**TASK INSTRUCTIONS**
In the entries below, how many lines hold the string "AllPortsSameDT"? Give only the number.
-- DATA EXTRACTS follows --
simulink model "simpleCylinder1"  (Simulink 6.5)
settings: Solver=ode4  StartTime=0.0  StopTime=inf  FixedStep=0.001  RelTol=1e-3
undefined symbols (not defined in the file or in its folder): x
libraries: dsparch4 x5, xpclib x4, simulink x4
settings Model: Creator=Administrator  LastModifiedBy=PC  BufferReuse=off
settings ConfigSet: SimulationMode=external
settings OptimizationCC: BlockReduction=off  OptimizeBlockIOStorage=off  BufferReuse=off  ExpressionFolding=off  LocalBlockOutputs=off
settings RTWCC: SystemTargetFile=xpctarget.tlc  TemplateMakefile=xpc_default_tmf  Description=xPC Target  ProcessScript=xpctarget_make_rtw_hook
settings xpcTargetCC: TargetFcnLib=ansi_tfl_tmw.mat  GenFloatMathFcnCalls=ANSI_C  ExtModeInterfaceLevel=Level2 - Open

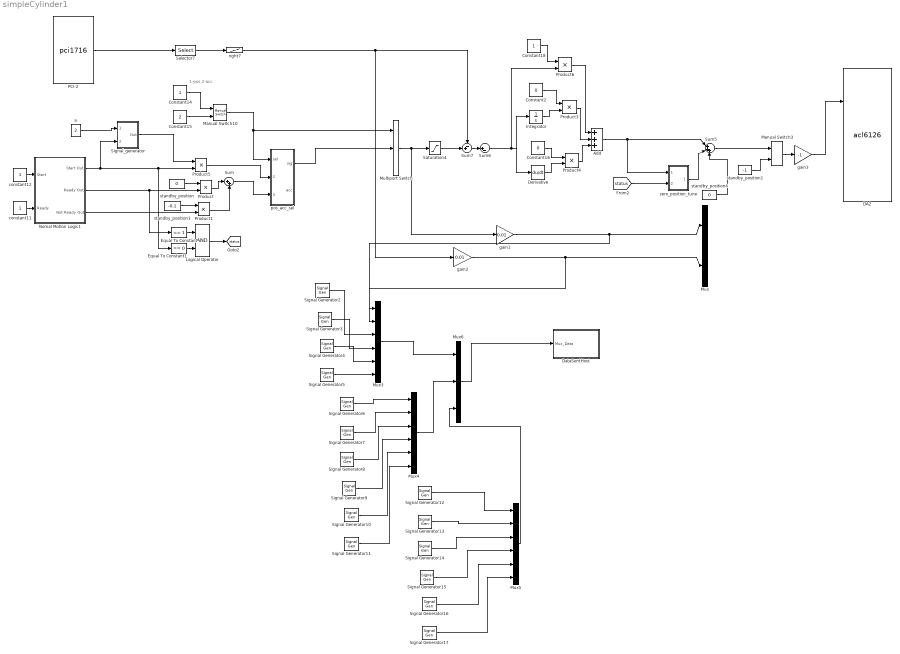
== system simpleCylinder1 ==
  note: 1-pos
      | 2-acc
  Add : Sum  Inputs=+++  OutScaling=2^-10
  Constant14 : Constant  Value=1  OutDataType=fixdt(1,16,0)  ConRadixGroup=Use specified scaling  OutScaling=[]  SampleTime=inf  FramePeriod=inf
  Constant15 : Constant  Value=2  OutDataType=fixdt(1,16,0)  ConRadixGroup=Use specified scaling  OutScaling=[]  SampleTime=inf  FramePeriod=inf
  Constant16 : Constant  Value=0  OutDataType=fixdt(1,16,0)  ConRadixGroup=Use specified scaling  OutScaling=[]  SampleTime=inf  FramePeriod=inf
  Constant18 : Constant  Value=1  OutDataType=fixdt(1,16,0)  ConRadixGroup=Use specified scaling  OutScaling=[]  SampleTime=inf  FramePeriod=inf
  Constant2 : Constant  Value=0  OutDataType=fixdt(1,16,0)  ConRadixGroup=Use specified scaling  OutScaling=[]  SampleTime=inf  FramePeriod=inf
  DA2 : S-Function  FunctionName=acl6126  Parameters=convBaseAddr,Range,[SampleTime SampleOffset]  mask(ACL-6126){sBaseAddr=0x2c0, Ranges=-10, sample=0.001}
      mask prompts: sBaseAddr "Base Address:"; sample "Sample Time:"
      mask help:
      | ACL-6126
      | HIT
      | Analog Output
      mask init:
      | convBaseAddr = 512;Range=10;SampleTime = 0.001; SampleOffset = 0;
      | sampleLength = length (sample);
      | if (sampleLength == 2)
      |   SampleTime = sample(1);
      |   SampleOffset = sample(2);
      | else
      |   SampleTime = sample(1);
      |   SampleOffset = 0;
      | end
      | 
      | sBaseAddr(find(sBaseAddr=='''')) = [];
      | index = findstr(lower(sBaseAddr),'0x');
      | if ~isempty(index) & index==1
      |   BaseAddr = sBaseAddr(3:end);
      |   baLength = length (BaseAddr);
      |   baseStringMember = [abs('0'):abs('9'),abs('a'):abs('f'),abs('A'):abs('F')];
      |   for i = 1:baLength
      |  %   if ~ismember(BaseAddr(i),baseStringMember)
      |  %     error ('Invalid character in hexadecimal string');
      |  %   end
      |   end
      |   convBaseAddr = hex2dec(BaseAddr);
      | else
      |   convBaseAddr = str2num(BaseAddr);
      |   end
      |  Range=Ranges;
      mask Help: helpview([docroot '/toolbox/xpc/pt_io_block_reference.html#xpcioref'])
      mask Display:
      | disp('ACL-6126\ncumt\nAnalog Output');
      | port_label('input',1 , '1');
      | port_label('input',2 , '2');
      | port_label('input',3 , '3');
      | port_label('input',4 , '4');
      | port_label('input',5, '5');
      | port_label('input',6 , '6');
  DataSentHost : Subsystem
  Derivative : Derivative
  Equal To Constant : simulink/Logic and Bit Operations/Compare To Constant  SystemSampleTime=-1  relop===  const=1  LogicOutDataTypeMode=uint8  ZeroCross=off
  Equal To Constant1 : simulink/Logic and Bit Operations/Compare To Constant  SystemSampleTime=-1  relop===  const=0  LogicOutDataTypeMode=uint8  ZeroCross=off
  Integrator : Integrator
  Logical Operator : Logic  AllPortsSameDT=off
  Manual Switch10 : simulink/Signal Routing/Manual Switch  SystemSampleTime=-1  sw=1  action=0
  Manual Switch3 : simulink/Signal Routing/Manual Switch  SystemSampleTime=-1  sw=0  action=0
  Multiport Switch : MultiPortSwitch  Inputs=2  SaturateOnIntegerOverflow=on
  Mux : Mux  Inputs=2
  Mux3 : Mux  Inputs=6
  Mux4 : Mux  Inputs=6
  Mux5 : Mux  Inputs=6
  Mux6 : Mux  Inputs=3
  Nomal Motion Logic1 : Subsystem  AncestorBlock=control_logic_lib/Control Logic(Stateflow Chart)
  PCI-2 : S-Function  FunctionName=pci1716  Parameters=[SampleTime SampleOffset], SLOT  mask(hitad3){Sample=0.001, SLOT=-1}
      mask prompts: Sample "Sample Time:"
      mask help:
      | PCi1716
      | A/D Card
      | Developed by ZhaoJinsong
      | 2012.06.02
      mask init:
      | SampleTime = 0.001; SampleOffset=0;
      mask Help: helpview([docroot '/toolbox/xpc/pt_io_block_reference.html#xpcioref'])
      mask Display:
      | disp('PCI1716  ');
      | 
      | port_label('output',1 , 'OUT');
  Product : Product  OutDataType=fixdt(1,16,0)  OutScaling=[]  SaturateOnIntegerOverflow=on
  Product1 : Product  OutDataType=fixdt(1,16,0)  OutScaling=[]  SaturateOnIntegerOverflow=on
  Product3 : Product  RndMeth=Zero
  Product4 : Product  RndMeth=Zero
  Product5 : Product  OutDataType=fixdt(1,16,0)  OutScaling=[]  SaturateOnIntegerOverflow=on
  Product6 : Product  RndMeth=Zero
  Saturation4 : Saturate  UpperLimit=10  LowerLimit=-10
  Selector7 : Selector  InputType=Vector  ElementSrc=Internal  Elements=2  RowSrc=Internal  Rows=1  ColumnSrc=Internal  Columns=1  IndexIsStartValue=off
  Signal Generator10 : SignalGenerator  Amplitude=11  Frequency=10
  Signal Generator11 : SignalGenerator  Amplitude=12  Frequency=10
  Signal Generator12 : SignalGenerator  Amplitude=13  Frequency=10
  Signal Generator13 : SignalGenerator  Amplitude=14  Frequency=10
  Signal Generator14 : SignalGenerator  Amplitude=15  Frequency=10
  Signal Generator15 : SignalGenerator  Amplitude=16  Frequency=10
  Signal Generator16 : SignalGenerator  Amplitude=17  Frequency=10
  Signal Generator17 : SignalGenerator  Amplitude=18  Frequency=10
  Signal Generator2 : SignalGenerator  Amplitude=3  Frequency=10
  Signal Generator3 : SignalGenerator  Amplitude=4  Frequency=10
  Signal Generator4 : SignalGenerator  Amplitude=5  Frequency=10
  Signal Generator5 : SignalGenerator  Amplitude=6  Frequency=10
  Signal Generator6 : SignalGenerator  Amplitude=7  Frequency=10
  Signal Generator7 : SignalGenerator  Amplitude=8  Frequency=10
  Signal Generator8 : SignalGenerator  Amplitude=9  Frequency=10
  Signal Generator9 : SignalGenerator  Amplitude=10  Frequency=10
  Signal_generator : Subsystem
  Sum : Sum  Inputs=|++  OutDataType=fixdt(1,16,0)  OutScaling=[]  SaturateOnIntegerOverflow=on
  Sum5 : Sum  Inputs=|+++  OutDataType=fixdt(1,16,0)  OutScaling=[]  SaturateOnIntegerOverflow=on
  Sum6 : Sum  Inputs=|+-  OutDataType=fixdt(1,16,0)  OutScaling=[]  SaturateOnIntegerOverflow=on
  Sum7 : Sum  Inputs=-+|  OutDataType=fixdt(1,16,0)  OutScaling=[]  SaturateOnIntegerOverflow=on
  a : Constant  Value=2  OutDataType=fixdt(1,16,0)  ConRadixGroup=Use specified scaling  OutScaling=[]  SampleTime=inf  FramePeriod=inf
  constant11 : Constant  Value=1  OutDataType=sfix(16)  ConRadixGroup=Use specified scaling  OutScaling=2^0  SampleTime=inf  FramePeriod=inf
      settings: OpenFcn=|
      | if get_param(gcb,'value')=='1',
      | set_param(gcb,'value','0');
      | else
      | set_param(gcb,'value','1');end
  constant12 : Constant  Value=1  OutDataType=sfix(16)  ConRadixGroup=Use specified scaling  OutScaling=2^0  SampleTime=inf  FramePeriod=inf
      settings: OpenFcn=|
      | if get_param(gcb,'value')=='1',
      | set_param(gcb,'value','0');
      | else
      | set_param(gcb,'value','1');end
  gain1 : Gain  Gain=0.01  ParameterDataType=fixdt(1,16,0)  ParameterScaling=[]  OutDataType=fixdt(1,16,0)  OutScaling=[]  SaturateOnIntegerOverflow=on
  gain2 : Gain  Gain=0.01  ParameterDataType=fixdt(1,16,0)  ParameterScaling=[]  OutDataType=fixdt(1,16,0)  OutScaling=[]  SaturateOnIntegerOverflow=on
  gain3 : Gain  Gain=-1  ParameterDataType=fixdt(1,16,0)  ParameterScaling=[]  OutDataType=fixdt(1,16,0)  OutScaling=[]  SaturateOnIntegerOverflow=on
  pos_acc_sel : Subsystem
  right7 : Lookup  InputValues=[-0.28 9.725]  OutputValues=[-10 10]  LookUpMeth=Interpolation-Extrapolation  OutDataType=fixdt(1,16,0)  OutScaling=[]  SaturateOnIntegerOverflow=on  SampleTime=-1  LUTDesignTableMode=Redesign Table  LUTDesignDataSource=Block Dialog  LUTDesignFunctionName=sqrt(x)  LUTDesignUseExistingBP=on  LUTDesignRelError=0.01  LUTDesignAbsError=1e-6  RndMeth=Floor
      settings: LockScale=off
  standby_position : Constant  Value=0  OutDataType=fixdt(1,16,0)  ConRadixGroup=Use specified scaling  OutScaling=[]  SampleTime=inf  FramePeriod=inf
  standby_position1 : Constant  Value=-1  OutDataType=fixdt(1,16,0)  ConRadixGroup=Use specified scaling  OutScaling=[]  SampleTime=inf  FramePeriod=inf
  standby_position3 : Constant  Value=-0.1  OutDataType=fixdt(1,16,0)  ConRadixGroup=Use specified scaling  OutScaling=[]  SampleTime=inf  FramePeriod=inf
  standby_position4 : Constant  Value=0  OutDataType=fixdt(1,16,0)  ConRadixGroup=Use specified scaling  OutScaling=[]  SampleTime=inf  FramePeriod=inf
  zero_position_tune : Subsystem
  tag scope: status=global
  wires:
  standby_position1/1 -> Manual Switch3/2
  Manual Switch3/1 -> gain3/1
  Mux5/1 -> Mux6/3
  Mux4/1 -> Mux6/2
  Signal Generator12/1 -> Mux5/1
  Signal Generator13/1 -> Mux5/2
  Signal Generator14/1 -> Mux5/3
  Signal Generator15/1 -> Mux5/4
  Signal Generator16/1 -> Mux5/5
  Signal Generator17/1 -> Mux5/6
  Signal Generator6/1 -> Mux4/1
  Signal Generator7/1 -> Mux4/2
  Signal Generator8/1 -> Mux4/3
  Signal Generator9/1 -> Mux4/4
  Signal Generator10/1 -> Mux4/5
  Signal Generator11/1 -> Mux4/6
  Signal Generator5/1 -> Mux3/6
  Sum5/1 -> Manual Switch3/1
  standby_position4/1 -> Sum5/3
  Sum6/1 -> Product6/2, Integrator/1, Derivative/1
  Sum7/1 -> Sum6/1
  Multiport Switch/1 -> gain1/1, Saturation4/1
  pos_acc_sel/1(sig) -> Multiport Switch/2
  Saturation4/1 -> Sum7/2
  [status] -> zero_position_tune/2(status)
  zero_position_tune/1(Out) -> Sum5/2
  Constant2/1 -> Product3/1
  Integrator/1 -> Product3/2
  Constant16/1 -> Product4/1
  Derivative/1 -> Product4/2
  Constant18/1 -> Product6/1
  Product6/1 -> Add/1
  Product3/1 -> Add/2
  Product4/1 -> Add/3
  Add/1 -> Sum5/1, zero_position_tune/1(error_in)
  gain1/1 -> Mux/1, Mux3/1
  gain2/1 -> Mux/2, Mux3/2
  Mux6/1 -> DataSentHost/1(Mux_Data)
  Mux3/1 -> Mux6/1
  Signal Generator2/1 -> Mux3/3
  Signal Generator3/1 -> Mux3/4
  Signal Generator4/1 -> Mux3/5
  PCI-2/1 -> Selector7/1
  Selector7/1 -> right7/1
  right7/1 -> Sum7/1, gain2/1
  constant12/1 -> Nomal Motion Logic1/1(Start)
  Nomal Motion Logic1/2(Ready Out) -> Product/2, Equal To Constant/1
  standby_position/1 -> Product/1
  Product/1 -> Sum/1
  Sum/1 -> pos_acc_sel/3(ini_pos)
  Nomal Motion Logic1/1(Start Out) -> Product5/2, Equal To Constant1/1, Signal_generator/2(start)
  Product5/1 -> pos_acc_sel/2(sig_in)
  standby_position3/1 -> Product1/1
  Product1/1 -> Sum/2
  Manual Switch10/1 -> Multiport Switch/1, pos_acc_sel/1(sel)
  Constant14/1 -> Manual Switch10/1
  Constant15/1 -> Manual Switch10/2
  Nomal Motion Logic1/3(Not Ready Out) -> Product1/2
  Equal To Constant/1 -> Logical Operator/1
  Equal To Constant1/1 -> Logical Operator/2
  Logical Operator/1 -> [status]
  constant11/1 -> Nomal Motion Logic1/2(Ready)
  Signal_generator/1(Out) -> Product5/1
  a/1 -> Signal_generator/1(sig_sel)
  gain3/1 -> DA2/2

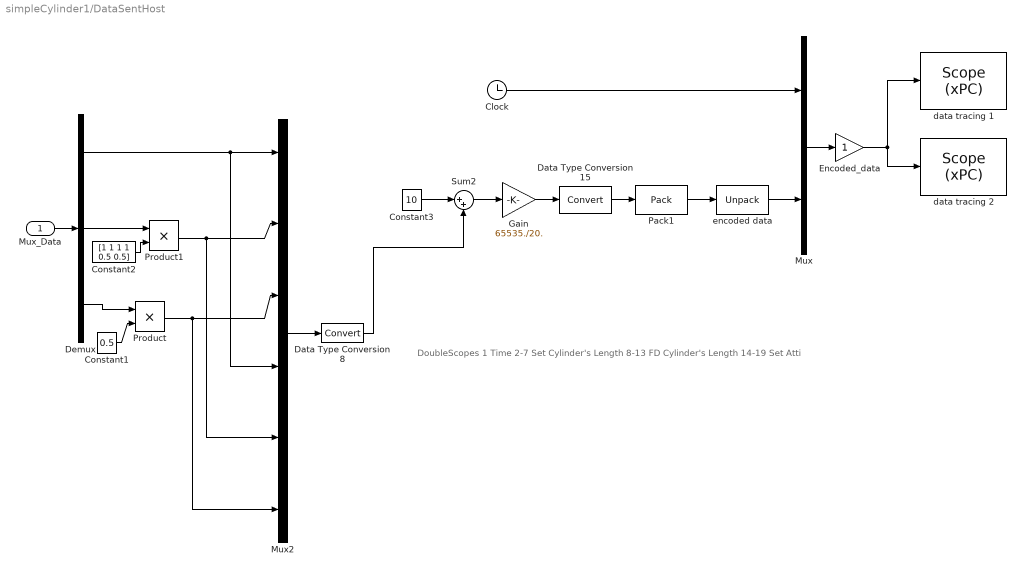
== system simpleCylinder1/DataSentHost ==
  note: DoubleScopes
      | 1          Time
      | 2-7       Set Cylinder's Length
      | 8-13     FD Cylinder's Length
      | 14-19   Set Atti
  Mux_Data : Inport
  Clock : Clock
      settings: Decimation=10
  Constant1 : Constant  Value=0.5  OutDataType=sfix(16)  ConRadixGroup=Use specified scaling  OutScaling=2^0  SampleTime=inf  FramePeriod=inf
  Constant2 : Constant  Value=[1 1 1 1 0.5 0.5]  OutDataType=sfix(16)  ConRadixGroup=Use specified scaling  OutScaling=2^0  SampleTime=inf  FramePeriod=inf
  Constant3 : Constant  Value=10  OutDataType=sfix(16)  ConRadixGroup=Use specified scaling  OutScaling=2^0  SampleTime=inf  FramePeriod=inf
  Data Type Conversion15 : DataTypeConversion  OutDataTypeMode=uint16  SaturateOnIntegerOverflow=on  RndMeth=Zero
  Data Type Conversion8 : DataTypeConversion  OutDataTypeMode=double  SaturateOnIntegerOverflow=on  RndMeth=Zero
  Demux : Demux  Outputs=3
  Encoded_data : Gain
  Gain : Gain  Gain=65535./20.  RndMeth=Nearest  SaturateOnIntegerOverflow=on
  Mux : Mux  Inputs=2
  Mux2 : Mux  Inputs=6
  Pack1 : xpclib/UDP/Pack  datatypes={'uint16'}  byteAlign=1
  Product : Product  RndMeth=Zero
  Product1 : Product  RndMeth=Zero
  Sum2 : Sum  Inputs=|++  SaturateOnIntegerOverflow=on
  data tracing 1 : xpclib/Misc./Scope (xPC)   SystemSampleTime=-1  scopeno=5  scopetype=Host  autostart=off  viewmode=Graphical redraw  formatstr='%15.6f'  grid=on  ylimits=[0,0]  nosamples=500  noprepostsamples=0  interleave=1  triggermode=Scope triggering  triggersignal=1  triggerlevel=0.0  triggerslope=Either  triggerscope=5  triggersample=-1  filename=data.dat  mode=Lazy  writesize=512  autorestart=off
  data tracing 2 : xpclib/Misc./Scope (xPC)   SystemSampleTime=-1  scopeno=4  scopetype=Host  autostart=off  viewmode=Graphical redraw  formatstr='%15.6f'  grid=on  ylimits=[0,0]  nosamples=500  noprepostsamples=0  interleave=1  triggermode=Scope triggering  triggersignal=1  triggerlevel=0.0  triggerslope=Either  triggerscope=4  triggersample=-1  filename=data.dat  mode=Lazy  writesize=512  autorestart=off
  encoded data : xpclib/UDP/Unpack  dimensions={[9]}  datatypes={'double'}  byteAlign=1
  wires:
  Constant2/1 -> Product1/2
  Product1/1 -> Mux2/5, Mux2/2
  Demux/2 -> Product1/1
  Product/1 -> Mux2/6, Mux2/3
  Constant1/1 -> Product/2
  Demux/3 -> Product/1
  Encoded_data/1 -> data tracing 2/1, data tracing 1/1
  Mux/1 -> Encoded_data/1
  Demux/1 -> Mux2/4, Mux2/1
  Mux_Data/1 -> Demux/1
  Clock/1 -> Mux/1
  Constant3/1 -> Sum2/1
  Sum2/1 -> Gain/1
  Pack1/1 -> encoded data/1
  Gain/1 -> Data Type Conversion15/1
  Data Type Conversion15/1 -> Pack1/1
  encoded data/1 -> Mux/2
  Mux2/1 -> Data Type Conversion8/1
  Data Type Conversion8/1 -> Sum2/2

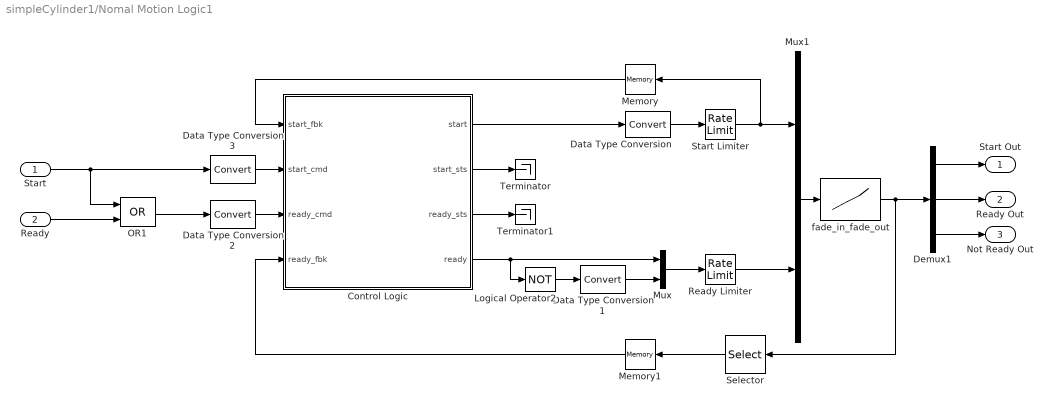
== system simpleCylinder1/Nomal Motion Logic1 ==
  Start : Inport
  Ready : Inport  Port=2
  Control Logic : Stateflow chart
  Data Type Conversion{,1..3} (4 alike) : DataTypeConversion  OutDataTypeMode=double  SaturateOnIntegerOverflow=on  RndMeth=Zero
  Demux1 : Demux  Outputs=3
  Logical Operator2 : Logic  Operator=NOT  Inputs=3  AllPortsSameDT=off
  Memory : Memory  Orientation=left
  Memory1 : Memory  Orientation=left
  Mux : Mux  Inputs=2
  Mux1 : Mux  Inputs=2
  OR1 : Logic  Operator=OR  AllPortsSameDT=off
  Ready Limiter : RateLimiter  RisingSlewLimit=1/5  FallingSlewLimit=-1/5
  Selector : Selector  Orientation=left  InputType=Vector  ElementSrc=Internal  Elements=[2]  RowSrc=Internal  Rows=[2]  ColumnSrc=Internal  Columns=1  InputPortWidth=3  IndexIsStartValue=off  OutputPortSize=[(-2)]
  Start Limiter : RateLimiter  RisingSlewLimit=1/3  FallingSlewLimit=-1/3
  Terminator : Terminator
  Terminator1 : Terminator
  fade_in_fade_out : Lookup  InputValues=[0:0.001:1]  OutputValues=(sin(([0:0.001:1]*2-1)*pi/2)+1)/2  LookUpMeth=Interpolation-Extrapolation  OutDataType=sfix(16)  OutScaling=2^0  SaturateOnIntegerOverflow=on  SampleTime=-1  LUTDesignTableMode=Redesign Table  LUTDesignDataSource=Block Dialog  LUTDesignFunctionName=sqrt(x)  LUTDesignUseExistingBP=on  LUTDesignRelError=0.01  LUTDesignAbsError=1e-6  RndMeth=Floor
      settings: LockScale=off
  Start Out : Outport
  Ready Out : Outport  Port=2
  Not Ready Out : Outport  Port=3
  wires:
  Ready/1 -> OR1/2
  Start/1 -> OR1/1, Data Type Conversion3/1
  Control Logic/3(ready_sts) -> Terminator1/1
  Control Logic/2(start_sts) -> Terminator/1
  OR1/1 -> Data Type Conversion2/1
  Data Type Conversion3/1 -> Control Logic/2(start_cmd)
  Demux1/3 -> Not Ready Out/1
  Demux1/1 -> Start Out/1
  Demux1/2 -> Ready Out/1
  Data Type Conversion/1 -> Start Limiter/1
  Start Limiter/1 -> Mux1/1, Memory/1
  Control Logic/1(start) -> Data Type Conversion/1
  Control Logic/4(ready) -> Logical Operator2/1, Mux/1
  Logical Operator2/1 -> Data Type Conversion1/1
  Mux/1 -> Ready Limiter/1
  Ready Limiter/1 -> Mux1/2
  Mux1/1 -> fade_in_fade_out/1
  fade_in_fade_out/1 -> Selector/1, Demux1/1
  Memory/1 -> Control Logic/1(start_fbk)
-- DATA EXTRACTS concluded --
**WRITTEN REPLY**
3